The problem of interference within and accross assigment groups of course must immediately be considered unless individuals are completely isolated from one another. Classical approaches to control the interference typically rely on asserting groups of interacting individuals, but no interference between groups. In that case the assignment consideration is taken at a group level (Hudgens and Halloran 2008).

In a massively connected component of individuals, there is no hope of assignments of noninteracting groups. Thus interference within the group itself must be controlled. There is an exiting story of the formulation of cluster methods to recover results on treatment effect, that is, the existence of estimators of (Equation 1), and controlling their bias and variance.

Background for this note includes the following …

NoteEstimator

In the language of statistics, an esimator is a formula or rule employed to estimate a quantity of interest based on observed data. An estimator is said to be unbiased if it’s expectation is equal to the quantity of interest.

Familiar examples include the Expectation and Variance estimators for a set of observations \((X_1,..,X_n)\) of a random variable \(X\) with mean \(\mu\) and variance \(\sigma^2\).

Expectation Estimator

\[ \bar X_n = \frac{1}{n} \sum_{i=1}^n X_i \] The estimator is unbiased since \[ \mathbb{E} [\bar X_n] = \mu \]

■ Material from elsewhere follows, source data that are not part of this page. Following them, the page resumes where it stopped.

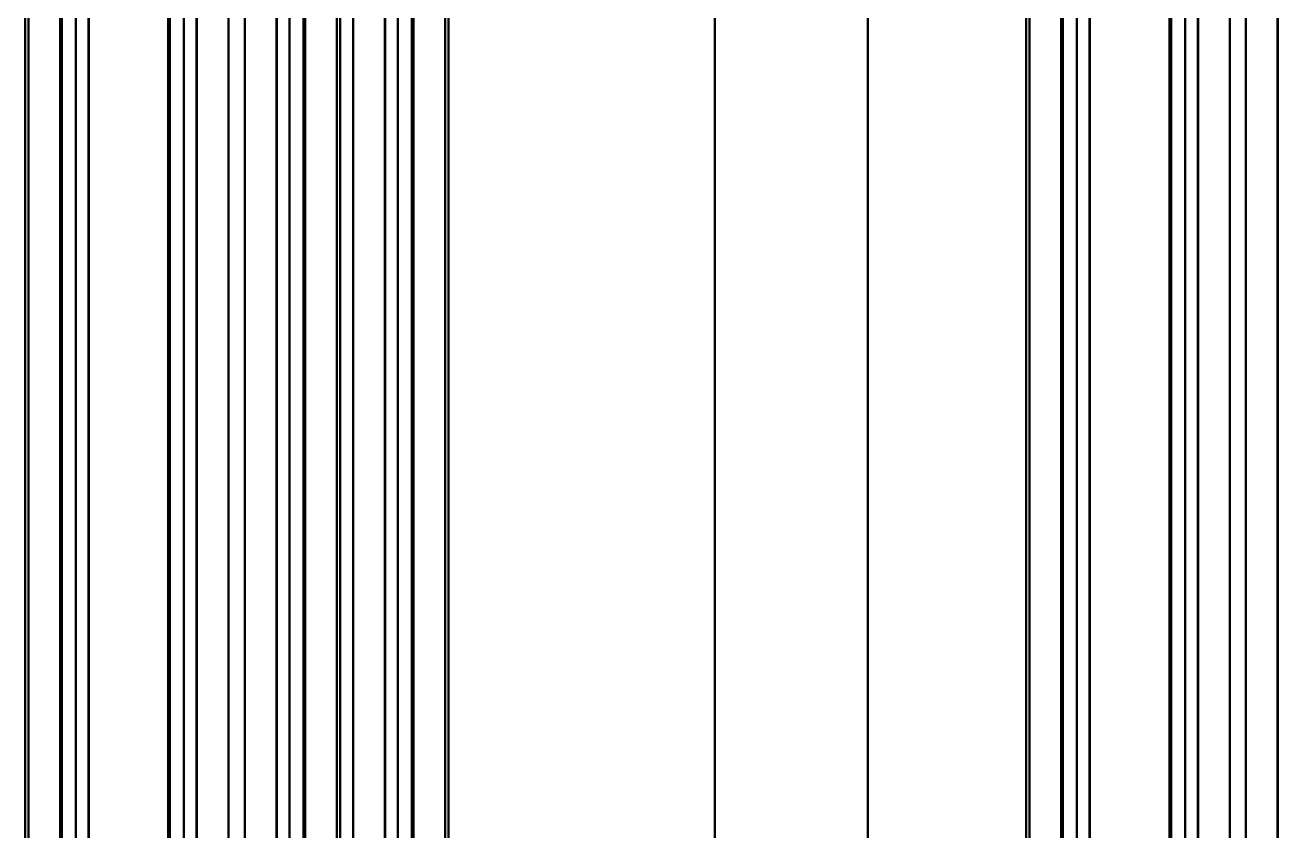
# Model space of a CAD drawing. Header units: millimetres. Extents: x 32504 to 36677, y 41990 to 42879.
# Drawn here: x 33424.8 to 33490.3, y 42545.3 to 42587.4 of the extents above; entities that cross this region are included whole.
import ezdxf

# ---------------------------------------------------------------- set-up
doc = ezdxf.new("R2010")
doc.units = ezdxf.units.MM
doc.layers.add('Net_dam', color=7, linetype='Continuous', lineweight=50)

msp = doc.modelspace()

# ---------------------------------------------------------------- linework, layer by layer
at = {"layer": 'Net_dam'}
for p, q in [((33424.8367, 42713.2077), (33424.8367, 42388.2245)), ((33425.0125, 42712.9628), (33425.0125, 42387.9795)), ((33426.6671, 42712.0076), (33426.6671, 42387.0243)), ((33426.752, 42711.9586), (33426.752, 42387.0243)), ((33427.4874, 42711.5341), (33427.4874, 42387.4489)), ((33428.1486, 42711.1523), (33428.1486, 42386.1834)), ((33428.1662, 42711.1422), (33428.1662, 42386.1589)), ((33432.324, 42708.7419), (33432.324, 42383.7587)), ((33432.4088, 42708.693), (33432.4088, 42383.7587)), ((33433.1442, 42708.2684), (33433.1442, 42384.1832)), ((33433.8055, 42707.8867), (33433.8055, 42382.9178)), ((33433.823, 42707.8766), (33433.823, 42382.8933)), ((33435.4777, 42706.9214), (33435.4777, 42381.9381)), ((33436.3262, 42693.6538), (33436.3262, 42399.0855)), ((33441.3103, 42401.7598), (33441.3103, 42689.4179)), ((33441.983, 42689.5894), (33441.983, 42401.3508)), ((33443.6377, 42689.433), (33443.6377, 42397.4113)), ((33443.6552, 42397.3809), (33443.6552, 42689.4229)), ((33441.1345, 42689.3164), (33441.1345, 42401.8613)), ((33444.3165, 42689.0411), (33444.3165, 42396.2356)), ((33439.395, 42688.3122), (33439.395, 42400.8571)), ((33439.4799, 42688.3612), (33439.4799, 42400.9061)), ((33445.0519, 42688.6166), (33445.0519, 42394.9619)), ((33445.1367, 42688.5676), (33445.1367, 42394.8149)), ((33437.9808, 42687.4958), (33437.9808, 42400.0407)), ((33437.9984, 42400.0508), (33437.9984, 42687.506)), ((33438.6596, 42687.8877), (33438.6596, 42400.4325)), ((33446.7914, 42687.6124), (33446.7914, 42392.9288)), ((33446.9671, 42392.1647), (33446.9671, 42687.511)), ((33477.1626, 42682.8571), (33477.1626, 42358.0174)), ((33477.3384, 42357.7724), (33477.3384, 42682.7557)), ((33478.993, 42356.8172), (33478.993, 42681.8005)), ((33479.0779, 42356.8172), (33479.0779, 42681.7515)), ((33479.8133, 42357.2418), (33479.8133, 42681.327)), ((33480.4745, 42680.9452), (33480.4745, 42355.9763)), ((33480.4921, 42355.9518), (33480.4921, 42680.9351)), ((33484.6499, 42353.5516), (33484.6499, 42678.5348)), ((33484.7347, 42353.5516), (33484.7347, 42678.4859)), ((33485.4701, 42353.9761), (33485.4701, 42678.0613)), ((33486.1314, 42677.6796), (33486.1314, 42352.7107)), ((33486.1489, 42352.6862), (33486.1489, 42677.6695)), ((33490.3067, 42352.6862), (33490.3067, 42677.6695)), ((33490.3243, 42352.7107), (33490.3243, 42677.6796)), ((33487.8036, 42351.731), (33487.8036, 42676.7143)), ((33488.6521, 42351.731), (33488.6521, 42676.7143)), ((33460.8933, 42606.3139), (33460.8933, 42384.1253)), ((33468.8933, 42379.507), (33468.8933, 42606.3139))]:
    msp.add_line(p, q, dxfattribs=at)

doc.saveas('drawing.dxf')

It is useful to find (or at least bound above) the variance of the estimator, since that guarantees a good estimate if it can be shown to be small. The variance is \[ Var(\bar X_n) = \mathbb{E}[(\bar X_n - \mathbb{E}[\bar X_n])^2] = \frac{1}{n}\sigma^2 \] so the variance tends to zero with a large sample, assuring a quality estimator that is unbiased and converges to the quantity of interest.

Variance Estimator

\[ S_n^2 = \frac{1}{n-1}\sum_{i=1}^n (X_i - \bar X_n)^2 \] \[ \mathbb{E} [S_n^2] = \sigma^2 \]

The variance is somewhat more complicated, \[ Var(S^2_n) = \frac1n \left( \mathbb{E}[(X - \mu)^4] -\frac{n-3}{n-1}\sigma^4 \right) \] nevertheless still tends to zero with a large sample.

Note we did not use the estimator \[ \tilde S_n^2 = \frac{1}{n}\sum_{i=1}^n (X_i - \bar X_n)^2 \] as this woule have expectation \[ \mathbb{E} [\tilde S_n^2] = \frac{n-1}{n}\sigma^2 \] and would be a biased estimator.

NoteHorvitz Thompson Estimator

Let $ = {1,2,…,N} $ be a finite population. For each \(i\in\mathcal{K}\), let \(Y_i\) be an observable of unit \(i\). Our goal is to estimate \[ Y = \sum_{i=1}^N Y_i \] the total of interest. And \[ \tau = \frac{1}{N} \sum_{i=1}^N Y_i \] the average of the population.

To construct the estimator we take a random sample of \(n< N\) units from \(\mathcal{K}\). Any sampling method is allowed, but the obtained sample must have distinct units. Let \(\pi_i\) be the probability the \(i^{th}\) unit is included in the sample (assume \(\pi_i > 0\)). Denote the random sample by \(\bf{S} = \{i_1,...,i_n\} \subset \mathcal{S}\). The Horvitz Thompson esimator is \[ \hat Y_{HT} = \sum_{i\in \bf{S}} \frac{Y_i}{\pi_i} = \sum_{i=1}^N \frac{Y_i 1_{\{i\in \bf S\}}}{\pi_i} \] and \[ \hat \tau_{HT} = \frac{1}{N} \hat Y_{HT} \]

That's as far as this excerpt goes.